I wrote this. I didn’t mean to.

     The world has always moved mysteriously to me.  I think it’s our conception of time that bothers me most.  My  brother-in-law explained to me once that there is no past nor future.  There’s only now.  An ever continuous now.  We only  live in the now.  I don’t like this.  I mean, on the surface it’s reasoning seems sound.  Yes I can only live in this ever present, ever continuous stitch of time which is right now.  I mean right now.  I mean now.  You can go crazy trying to keep up with now.  It doesn’t take a break for anything or anyone.  But I did live before now.  I have memories of happenings long before this particular now.  They don’t seem as real as this particular now but I know I was  there.  I remember one  particular now when I was around eight or so years old.  I kept hearing this hissing sound under my radio flyer wagon.  I thought a tire was going flat.  I looked under it and saw a huge bull snake curled up underneath.  He was hissing and looking right at me.  I’d never been eye to eye with a big snake before.  That particular now scared the hell out of me.  That’s probably why that now lingers in my memory.  Of course I had a better now with another snake.  This particular now was about five years ago.  It’s one of the last now memories I have of my Dad before he went into the hospital that last time.  That’s a different now moment.  One I hope I never forget, and yet one I would like to forget.  Sometimes now can suck.  Sorry, that was a bit of a tangent.  This second now moment involving a snake happened when I opened the screen door to my house.  A huge bull snake had been creeping along the top of the screen door in order to inspect a Barn Swallow’s next right above the door.  The six feet long snake fell directly on top of me.  I screamed, jumped, and ran.  Dad and one of his hunting buddies happened to be walking toward the shop when this happened.  They thought something had happened to my wife judging from the high pitched scream I made.  They laughed at me.  I’m not ashamed of it.  You see what sound you make when a huge snake falls on your head.  It’s not a sound you have to think about making.  It just makes itself.  So go ahead and laugh.  Your time is coming.

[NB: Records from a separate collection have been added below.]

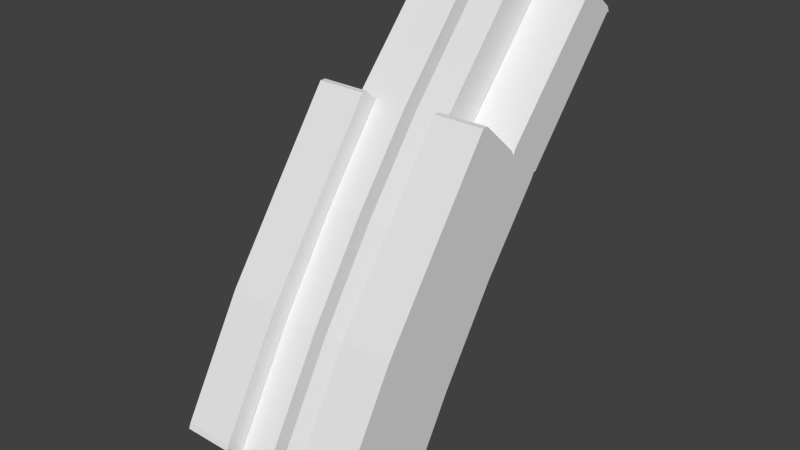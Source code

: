 # Source: neck.001.blend  (saved by Blender 2.80.75; exported with 4.5.12 LTS)
import bpy
from mathutils import Matrix  # noqa: F401  (used for matrix-valued properties, if any)

bpy.ops.wm.read_factory_settings(use_empty=True)
scene = bpy.context.scene
scene.name = 'Scene'

# ---- collections
col_collection_1 = bpy.data.collections.new('Collection 1'); scene.collection.children.link(col_collection_1)

# ---- world
world_world = bpy.data.worlds.new('World'); scene.world = world_world
world_world.color = (0.05088, 0.05088, 0.05088)
world_world.use_sun_shadow = False
world_world.sun_shadow_jitter_overblur = 0.0
world_world.cycles.sampling_method = 'MANUAL'
world_world.cycles.sample_map_resolution = 256

# ---- meshes
me_neck_001 = bpy.data.meshes.new('neck.001')
me_neck_001.from_pydata([(-0.94, 140.8, 5.472), (-1.716, 140.8, 5.472), (-1.716, 138.7, 7.366), (-0.94, 138.7, 7.366), (-0.94, 134.3, 11.58), (-0.94, 136.3, 10.41), (-1.716, 136.3, 10.41), (-1.716, 134.3, 11.58), (-0.94, 139.3, 8.248), (-0.94, 139.3, 8.196), (-1.716, 139.3, 8.196), (-1.716, 139.3, 8.248), (-1.786, 140.8, 5.425), (-1.786, 140.3, 4.907), (-1.786, 138.2, 6.802), (-1.786, 138.6, 7.32), (-1.786, 138.5, 7.42), (-1.786, 138.6, 7.369), (-1.786, 138.1, 6.851), (-1.786, 138.1, 6.902), (-1.786, 133.5, 10.75), (-1.786, 135.5, 9.577), (-1.786, 135.1, 9.06), (-1.786, 133.1, 10.23), (-0.94, 133.5, 10.79), (-1.716, 133.5, 10.79), (-1.716, 133.0, 10.28), (-0.94, 133.0, 10.28), (-0.2526, 133.1, 10.23), (-0.2526, 134.0, 11.28), (-0.2526, 133.9, 11.32), (-0.2526, 133.0, 10.27), (-0.2526, 136.6, 7.985), (-0.2526, 137.6, 9.034), (-0.2526, 136.0, 10.1), (-0.2526, 135.1, 9.055), (-0.2526, 141.2, 5.962), (-0.2526, 139.1, 7.895), (-0.2526, 138.1, 6.846), (-0.2526, 140.3, 4.913), (-1.716, 140.8, 5.376), (-0.94, 140.8, 5.376), (-0.94, 140.4, 4.858), (-1.716, 140.4, 4.858), (-1.716, 139.3, 8.137), (-0.94, 139.3, 8.137), (-0.94, 138.7, 7.475), (-1.716, 138.7, 7.475), (-1.786, 139.2, 8.188), (-1.786, 139.3, 8.137), (-1.786, 138.7, 7.475), (-1.786, 138.6, 7.526), (-1.786, 134.2, 11.52), (-1.786, 136.2, 10.35), (-1.786, 135.6, 9.683), (-1.786, 133.6, 10.86), (-0.94, 134.2, 11.56), (-1.716, 134.2, 11.56), (-1.716, 133.6, 10.9), (-0.94, 133.6, 10.9), (-0.8703, 133.6, 10.86), (-0.8703, 134.2, 11.52), (-0.8703, 134.2, 11.56), (-0.8703, 133.6, 10.9), (-0.8703, 137.2, 8.613), (-0.8703, 137.8, 9.276), (-0.8703, 136.2, 10.35), (-0.8703, 135.6, 9.683), (-0.94, 137.8, 9.335), (-1.716, 137.8, 9.335), (-1.786, 137.1, 8.507), (-1.786, 136.6, 7.99), (-1.786, 137.8, 9.276), (-1.786, 137.2, 8.613), (-0.8703, 138.6, 7.526), (-0.8703, 139.2, 8.188), (-0.8241, 133.0, 10.19), (-0.8241, 135.0, 9.013), (-0.292, 135.0, 9.013), (-0.292, 133.0, 10.19), (-0.8241, 136.6, 7.943), (-0.292, 136.6, 7.943), (-0.8241, 140.3, 4.872), (-0.8241, 140.3, 4.812), (-0.292, 140.3, 4.812), (-0.292, 140.3, 4.872), (-0.8241, 134.0, 11.32), (-0.8241, 134.0, 11.36), (-0.292, 134.0, 11.36), (-0.292, 134.0, 11.32), (-0.8241, 137.6, 9.075), (-0.8241, 136.0, 10.15), (-0.292, 136.0, 10.15), (-0.292, 137.6, 9.075), (-0.8241, 141.3, 6.004), (-0.8241, 139.1, 7.937), (-0.292, 139.1, 7.937), (-0.292, 141.3, 6.004), (-0.8241, 140.4, 4.853), (-0.8241, 141.3, 5.902), (-0.292, 141.3, 5.902), (-0.292, 140.4, 4.853), (-0.8241, 133.9, 11.32), (-0.8241, 133.0, 10.27), (-0.292, 133.0, 10.27), (-0.292, 133.9, 11.32), (-0.8241, 138.1, 6.805), (-0.292, 138.1, 6.805), (-0.8636, 138.1, 6.846), (-0.8636, 136.6, 7.985), (-0.8636, 137.6, 9.034), (-0.8636, 139.1, 7.895), (-0.8636, 133.1, 10.23), (-0.8636, 133.0, 10.27), (-0.8636, 133.9, 11.32), (-0.8636, 134.0, 11.28), (-0.8636, 136.0, 10.1), (-0.8636, 135.1, 9.055), (-0.8636, 141.2, 5.962), (-0.8636, 140.3, 4.913), (-0.94, 133.0, 10.19), (-0.94, 133.0, 10.23), (-1.716, 133.0, 10.23), (-1.716, 133.0, 10.19), (-0.94, 138.0, 6.856), (-0.94, 136.6, 7.943), (-1.716, 136.6, 7.943), (-1.716, 138.0, 6.856), (-0.94, 138.1, 6.755), (-1.716, 138.1, 6.755), (-1.716, 140.3, 4.861), (-0.94, 140.3, 4.861), (-0.94, 135.0, 9.013), (-1.716, 135.0, 9.013), (-0.8703, 136.6, 7.99), (-0.8703, 137.1, 8.507), (-0.8703, 135.5, 9.577), (-0.8703, 135.1, 9.06), (-0.8703, 138.6, 7.32), (-0.8703, 138.2, 6.802), (-0.8703, 140.3, 4.907), (-0.8703, 140.8, 5.425), (-0.8703, 133.5, 10.79), (-0.8703, 133.0, 10.28), (-0.8703, 133.1, 10.23), (-0.8703, 133.5, 10.75), (-0.8703, 138.1, 6.902), (-0.8703, 138.5, 7.42), (-0.94, 134.2, 11.62), (-1.716, 134.2, 11.62), (-1.786, 133.5, 10.79), (-1.786, 133.0, 10.28), (-1.786, 134.2, 11.56), (-1.786, 133.6, 10.9), (-0.8703, 138.7, 7.475), (-0.8703, 139.3, 8.137), (-0.94, 138.1, 6.805), (-1.716, 138.1, 6.805), (-0.8703, 138.1, 6.851), (-0.8703, 138.6, 7.369), (-0.8703, 140.8, 5.472), (-0.8703, 138.7, 7.366), (-1.786, 138.7, 7.366), (-1.786, 140.8, 5.472), (-0.8703, 134.3, 11.58), (-0.8703, 136.3, 10.41), (-1.786, 136.3, 10.41), (-1.786, 134.3, 11.58), (-0.8703, 139.3, 8.248), (-0.8703, 139.3, 8.196), (-1.786, 139.3, 8.196), (-1.786, 139.3, 8.248), (-1.786, 140.8, 5.376), (-1.786, 140.4, 4.858), (-0.8703, 140.4, 4.858), (-0.8703, 140.8, 5.376), (-0.8703, 137.8, 9.335), (-1.786, 137.8, 9.335), (-0.8703, 133.0, 10.19), (-0.8703, 133.0, 10.23), (-1.786, 133.0, 10.23), (-1.786, 133.0, 10.19), (-0.8703, 138.0, 6.856), (-0.8703, 136.6, 7.943), (-1.786, 136.6, 7.943), (-1.786, 138.0, 6.856), (-0.8703, 138.1, 6.755), (-0.8703, 140.3, 4.861), (-1.786, 140.3, 4.861), (-1.786, 138.1, 6.755), (-0.8703, 135.0, 9.013), (-1.786, 135.0, 9.013), (-0.8703, 134.2, 11.62), (-1.786, 134.2, 11.62), (-0.8703, 138.1, 6.805), (-1.786, 138.1, 6.805), (-0.94, 138.6, 7.415), (-1.716, 138.6, 7.415), (-1.786, 138.6, 7.415), (-1.786, 138.6, 7.467), (-1.786, 135.6, 9.624), (-1.786, 133.6, 10.8), (-1.716, 133.5, 10.84), (-0.94, 133.5, 10.84), (-0.8703, 133.5, 10.84), (-0.8703, 133.6, 10.8), (-0.8703, 135.6, 9.624), (-0.8703, 137.1, 8.554), (-1.786, 137.1, 8.554), (-0.8703, 138.6, 7.467), (-1.786, 133.5, 10.84), (-0.8703, 138.6, 7.415), (-1.716, 140.9, 5.422), (-0.94, 140.9, 5.422), (-0.94, 140.3, 4.812), (-1.716, 140.3, 4.812), (-1.786, 140.9, 5.422), (-1.786, 140.3, 4.812), (-0.8703, 140.3, 4.812), (-0.8703, 140.9, 5.422), (-0.2526, 141.3, 5.902), (-0.2526, 140.4, 4.853), (-0.8241, 141.3, 5.944), (-0.292, 141.3, 5.944), (-0.8636, 140.4, 4.853), (-0.8636, 141.3, 5.902), (-0.8241, 133.0, 10.23), (-0.292, 133.0, 10.23), (-0.2526, 134.0, 11.32), (-0.2526, 134.0, 11.36), (-0.2526, 133.0, 10.23), (-0.2526, 133.0, 10.19), (-0.2526, 137.6, 9.075), (-0.2526, 136.0, 10.15), (-0.2526, 135.0, 9.013), (-0.2526, 136.6, 7.943), (-0.2526, 141.3, 6.004), (-0.2526, 139.1, 7.937), (-0.2526, 138.1, 6.805), (-0.2526, 140.3, 4.872), (-0.8636, 138.1, 6.805), (-0.8636, 136.6, 7.943), (-0.8636, 137.6, 9.075), (-0.8636, 139.1, 7.937), (-0.8636, 133.0, 10.19), (-0.8636, 133.0, 10.23), (-0.8636, 134.0, 11.36), (-0.8636, 134.0, 11.32), (-0.8636, 136.0, 10.15), (-0.8636, 135.0, 9.013), (-0.8636, 141.3, 6.004), (-0.8636, 140.3, 4.872), (-0.2526, 141.3, 5.944), (-0.2526, 140.3, 4.812), (-0.8636, 140.3, 4.812), (-0.8636, 141.3, 5.944), (0.6646, 140.8, 5.472), (0.6646, 138.7, 7.366), (1.44, 138.7, 7.366), (1.44, 140.8, 5.472), (0.6646, 134.3, 11.58), (1.44, 134.3, 11.58), (1.44, 136.3, 10.41), (0.6646, 136.3, 10.41), (0.6646, 139.3, 8.248), (1.44, 139.3, 8.248), (1.44, 139.3, 8.196), (0.6646, 139.3, 8.196), (1.51, 140.8, 5.425), (1.51, 138.6, 7.32), (1.51, 138.2, 6.802), (1.51, 140.3, 4.907), (1.51, 138.5, 7.42), (1.51, 138.1, 6.902), (1.51, 138.1, 6.851), (1.51, 138.6, 7.369), (1.51, 133.5, 10.75), (1.51, 133.1, 10.23), (1.51, 135.1, 9.06), (1.51, 135.5, 9.577), (0.6646, 133.5, 10.79), (0.6646, 133.0, 10.28), (1.44, 133.0, 10.28), (1.44, 133.5, 10.79), (-0.02279, 133.1, 10.23), (-0.02279, 133.0, 10.27), (-0.02279, 133.9, 11.32), (-0.02279, 134.0, 11.28), (-0.02279, 136.6, 7.985), (-0.02279, 135.1, 9.055), (-0.02279, 136.0, 10.1), (-0.02279, 137.6, 9.034), (-0.02279, 141.2, 5.962), (-0.02279, 140.3, 4.913), (-0.02279, 138.1, 6.846), (-0.02279, 139.1, 7.895), (1.44, 140.8, 5.376), (1.44, 140.4, 4.858), (0.6646, 140.4, 4.858), (0.6646, 140.8, 5.376), (1.44, 139.3, 8.137), (1.44, 138.7, 7.475), (0.6646, 138.7, 7.475), (0.6646, 139.3, 8.137), (1.51, 139.2, 8.188), (1.51, 138.6, 7.526), (1.51, 138.7, 7.475), (1.51, 139.3, 8.137), (1.51, 134.2, 11.52), (1.51, 133.6, 10.86), (1.51, 135.6, 9.683), (1.51, 136.2, 10.35), (0.6646, 134.2, 11.56), (0.6646, 133.6, 10.9), (1.44, 133.6, 10.9), (1.44, 134.2, 11.56), (0.5949, 133.6, 10.86), (0.5949, 133.6, 10.9), (0.5949, 134.2, 11.56), (0.5949, 134.2, 11.52), (0.5949, 137.2, 8.613), (0.5949, 135.6, 9.683), (0.5949, 136.2, 10.35), (0.5949, 137.8, 9.276), (1.44, 137.8, 9.335), (0.6646, 137.8, 9.335), (1.51, 136.6, 7.99), (1.51, 137.1, 8.507), (1.51, 137.2, 8.613), (1.51, 137.8, 9.276), (0.5949, 138.6, 7.526), (0.5949, 139.2, 8.188), (0.5488, 133.0, 10.19), (0.01665, 133.0, 10.19), (0.01665, 135.0, 9.013), (0.5488, 135.0, 9.013), (0.01665, 136.6, 7.943), (0.5488, 136.6, 7.943), (0.5488, 140.3, 4.872), (0.01665, 140.3, 4.872), (0.01665, 140.3, 4.812), (0.5488, 140.3, 4.812), (0.5488, 134.0, 11.32), (0.01665, 134.0, 11.32), (0.01665, 134.0, 11.36), (0.5488, 134.0, 11.36), (0.5488, 137.6, 9.075), (0.01665, 137.6, 9.075), (0.01665, 136.0, 10.15), (0.5488, 136.0, 10.15), (0.5488, 141.3, 6.004), (0.01665, 141.3, 6.004), (0.01665, 139.1, 7.937), (0.5488, 139.1, 7.937), (0.5488, 140.4, 4.853), (0.01665, 140.4, 4.853), (0.01665, 141.3, 5.902), (0.5488, 141.3, 5.902), (0.5488, 133.9, 11.32), (0.01665, 133.9, 11.32), (0.01665, 133.0, 10.27), (0.5488, 133.0, 10.27), (0.01665, 138.1, 6.805), (0.5488, 138.1, 6.805), (0.5882, 138.1, 6.846), (0.5882, 139.1, 7.895), (0.5882, 137.6, 9.034), (0.5882, 136.6, 7.985), (0.5882, 133.1, 10.23), (0.5882, 134.0, 11.28), (0.5882, 133.9, 11.32), (0.5882, 133.0, 10.27), (0.5882, 136.0, 10.1), (0.5882, 135.1, 9.055), (0.5882, 140.3, 4.913), (0.5882, 141.2, 5.962), (0.6646, 133.0, 10.19), (1.44, 133.0, 10.19), (1.44, 133.0, 10.23), (0.6646, 133.0, 10.23), (0.6646, 138.0, 6.856), (1.44, 138.0, 6.856), (1.44, 136.6, 7.943), (0.6646, 136.6, 7.943), (0.6646, 138.1, 6.755), (0.6646, 140.3, 4.861), (1.44, 140.3, 4.861), (1.44, 138.1, 6.755), (1.44, 135.0, 9.013), (0.6646, 135.0, 9.013), (0.5949, 136.6, 7.99), (0.5949, 135.1, 9.06), (0.5949, 135.5, 9.577), (0.5949, 137.1, 8.507), (0.5949, 138.6, 7.32), (0.5949, 140.8, 5.425), (0.5949, 140.3, 4.907), (0.5949, 138.2, 6.802), (0.5949, 133.5, 10.79), (0.5949, 133.5, 10.75), (0.5949, 133.1, 10.23), (0.5949, 133.0, 10.28), (0.5949, 138.5, 7.42), (0.5949, 138.1, 6.902), (0.6646, 134.2, 11.62), (1.44, 134.2, 11.62), (1.51, 133.5, 10.79), (1.51, 133.0, 10.28), (1.51, 134.2, 11.56), (1.51, 133.6, 10.9), (0.5949, 138.7, 7.475), (0.5949, 139.3, 8.137), (0.6646, 138.1, 6.805), (1.44, 138.1, 6.805), (0.5949, 138.1, 6.851), (0.5949, 138.6, 7.369), (0.5949, 140.8, 5.472), (0.5949, 138.7, 7.366), (1.51, 138.7, 7.366), (1.51, 140.8, 5.472), (0.5949, 134.3, 11.58), (0.5949, 136.3, 10.41), (1.51, 136.3, 10.41), (1.51, 134.3, 11.58), (0.5949, 139.3, 8.248), (0.5949, 139.3, 8.196), (1.51, 139.3, 8.196), (1.51, 139.3, 8.248), (1.51, 140.8, 5.376), (1.51, 140.4, 4.858), (0.5949, 140.4, 4.858), (0.5949, 140.8, 5.376), (0.5949, 137.8, 9.335), (1.51, 137.8, 9.335), (0.5949, 133.0, 10.19), (0.5949, 133.0, 10.23), (1.51, 133.0, 10.23), (1.51, 133.0, 10.19), (0.5949, 138.0, 6.856), (0.5949, 136.6, 7.943), (1.51, 136.6, 7.943), (1.51, 138.0, 6.856), (0.5949, 138.1, 6.755), (0.5949, 140.3, 4.861), (1.51, 140.3, 4.861), (1.51, 138.1, 6.755), (0.5949, 135.0, 9.013), (1.51, 135.0, 9.013), (0.5949, 134.2, 11.62), (1.51, 134.2, 11.62), (0.5949, 138.1, 6.805), (1.51, 138.1, 6.805), (0.6646, 138.6, 7.415), (1.44, 138.6, 7.415), (1.51, 138.6, 7.415), (1.51, 138.6, 7.467), (1.51, 135.6, 9.624), (1.51, 133.6, 10.8), (1.44, 133.5, 10.84), (0.6646, 133.5, 10.84), (0.5949, 133.6, 10.8), (0.5949, 133.5, 10.84), (0.5949, 137.1, 8.554), (0.5949, 135.6, 9.624), (1.51, 137.1, 8.554), (0.5949, 138.6, 7.467), (1.51, 133.5, 10.84), (0.5949, 138.6, 7.415), (1.44, 140.9, 5.422), (0.6646, 140.9, 5.422), (0.6646, 140.3, 4.812), (1.44, 140.3, 4.812), (1.51, 140.9, 5.422), (1.51, 140.3, 4.812), (0.5949, 140.3, 4.812), (0.5949, 140.9, 5.422), (-0.02279, 141.3, 5.902), (-0.02279, 140.4, 4.853), (0.5488, 141.3, 5.944), (0.01665, 141.3, 5.944), (0.5882, 140.4, 4.853), (0.5882, 141.3, 5.902), (0.5488, 133.0, 10.23), (0.01665, 133.0, 10.23), (-0.02279, 134.0, 11.36), (-0.02279, 134.0, 11.32), (-0.02279, 133.0, 10.19), (-0.02279, 133.0, 10.23), (-0.02279, 136.0, 10.15), (-0.02279, 137.6, 9.075), (-0.02279, 136.6, 7.943), (-0.02279, 135.0, 9.013), (-0.02279, 141.3, 6.004), (-0.02279, 139.1, 7.937), (-0.02279, 138.1, 6.805), (-0.02279, 140.3, 4.872), (0.5882, 138.1, 6.805), (0.5882, 136.6, 7.943), (0.5882, 137.6, 9.075), (0.5882, 139.1, 7.937), (0.5882, 133.0, 10.19), (0.5882, 133.0, 10.23), (0.5882, 134.0, 11.36), (0.5882, 134.0, 11.32), (0.5882, 136.0, 10.15), (0.5882, 135.0, 9.013), (0.5882, 141.3, 6.004), (0.5882, 140.3, 4.872), (-0.02279, 141.3, 5.944), (-0.02279, 140.3, 4.812), (0.5882, 140.3, 4.812), (0.5882, 141.3, 5.944)], [], [(0, 1, 2, 3), (4, 5, 6, 7), (8, 9, 10, 11), (12, 13, 14, 15), (16, 17, 18, 19), (20, 21, 22, 23), (24, 25, 26, 27), (28, 29, 30, 31), (32, 33, 34, 35), (36, 37, 38, 39), (40, 41, 42, 43), (44, 45, 46, 47), (48, 49, 50, 51), (52, 53, 54, 55), (56, 57, 58, 59), (60, 61, 62, 63), (64, 65, 66, 67), (5, 68, 69, 6), (21, 70, 71, 22), (38, 37, 33, 32), (53, 72, 73, 54), (74, 75, 65, 64), (76, 77, 78, 79), (77, 80, 81, 78), (82, 83, 84, 85), (86, 87, 88, 89), (90, 91, 92, 93), (94, 95, 96, 97), (98, 99, 100, 101), (102, 103, 104, 105), (80, 106, 107, 81), (95, 90, 93, 96), (108, 109, 110, 111), (112, 113, 114, 115), (116, 110, 109, 117), (111, 118, 119, 108), (120, 121, 122, 123), (124, 125, 126, 127), (128, 129, 130, 131), (125, 132, 133, 126), (134, 135, 136, 137), (138, 139, 140, 141), (142, 143, 144, 145), (135, 134, 146, 147), (148, 4, 7, 149), (150, 20, 23, 151), (152, 52, 55, 153), (67, 66, 61, 60), (132, 120, 123, 133), (137, 136, 145, 144), (68, 8, 11, 69), (70, 16, 19, 71), (72, 48, 51, 73), (154, 155, 75, 74), (156, 124, 127, 157), (158, 159, 147, 146), (160, 0, 3, 161), (162, 2, 1, 163), (164, 165, 5, 4), (166, 167, 7, 6), (168, 169, 9, 8), (170, 171, 11, 10), (142, 24, 27, 143), (151, 26, 25, 150), (172, 40, 43, 173), (174, 42, 41, 175), (49, 44, 47, 50), (154, 46, 45, 155), (62, 56, 59, 63), (153, 58, 57, 152), (165, 176, 68, 5), (177, 166, 6, 69), (178, 179, 121, 120), (180, 181, 123, 122), (182, 183, 125, 124), (184, 185, 127, 126), (186, 128, 131, 187), (188, 130, 129, 189), (183, 190, 132, 125), (191, 184, 126, 133), (192, 164, 4, 148), (167, 193, 149, 7), (190, 178, 120, 132), (181, 191, 133, 123), (176, 168, 8, 68), (171, 177, 69, 11), (194, 182, 124, 156), (185, 195, 157, 127), (10, 9, 45, 44), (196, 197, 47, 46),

       Those are good examples of things that happened in the ever-present now.  It makes it hard to stay in the now when so much stuff has happened in previous nows.  It’s a curse.  I would like to be able to go back and live some of those past nows.  Even if I did scream like a girl when the snake fell on me.  Even if I didn’t know I was actually living a re-run now and was totally unaware of what was fixing to  happen.  It would make that now much more fresh in my memory.  Those nows and this now are connected.  I know  this.  It’s still the same now.  The only thing that’s different is me.  The now is the same.  I’m different.  The more now wears on you the more you change.  Now doesn’t change.  That’s it’s power over us.  It never stops throwing a continuous stream of now at us.  You can fight it.  It will win.  The guy I  remember in some of those nows isn’t the same as this one.  I’m more careful in this particular now and yet I’m more desperate.  I’m much more aware of this continuous now than I ever was before this particular now.  Contrary to what you might think, you don’t get more used to it.  You get more aware of it.  Now drags continuously on.  It drags you with it.  The best you can hope for is to try and remember most of the good nows and some of the bad ones.  As soon as this particular now is gone another immediately begins and you’ve changed a little.  You don’t see it yet.  You will.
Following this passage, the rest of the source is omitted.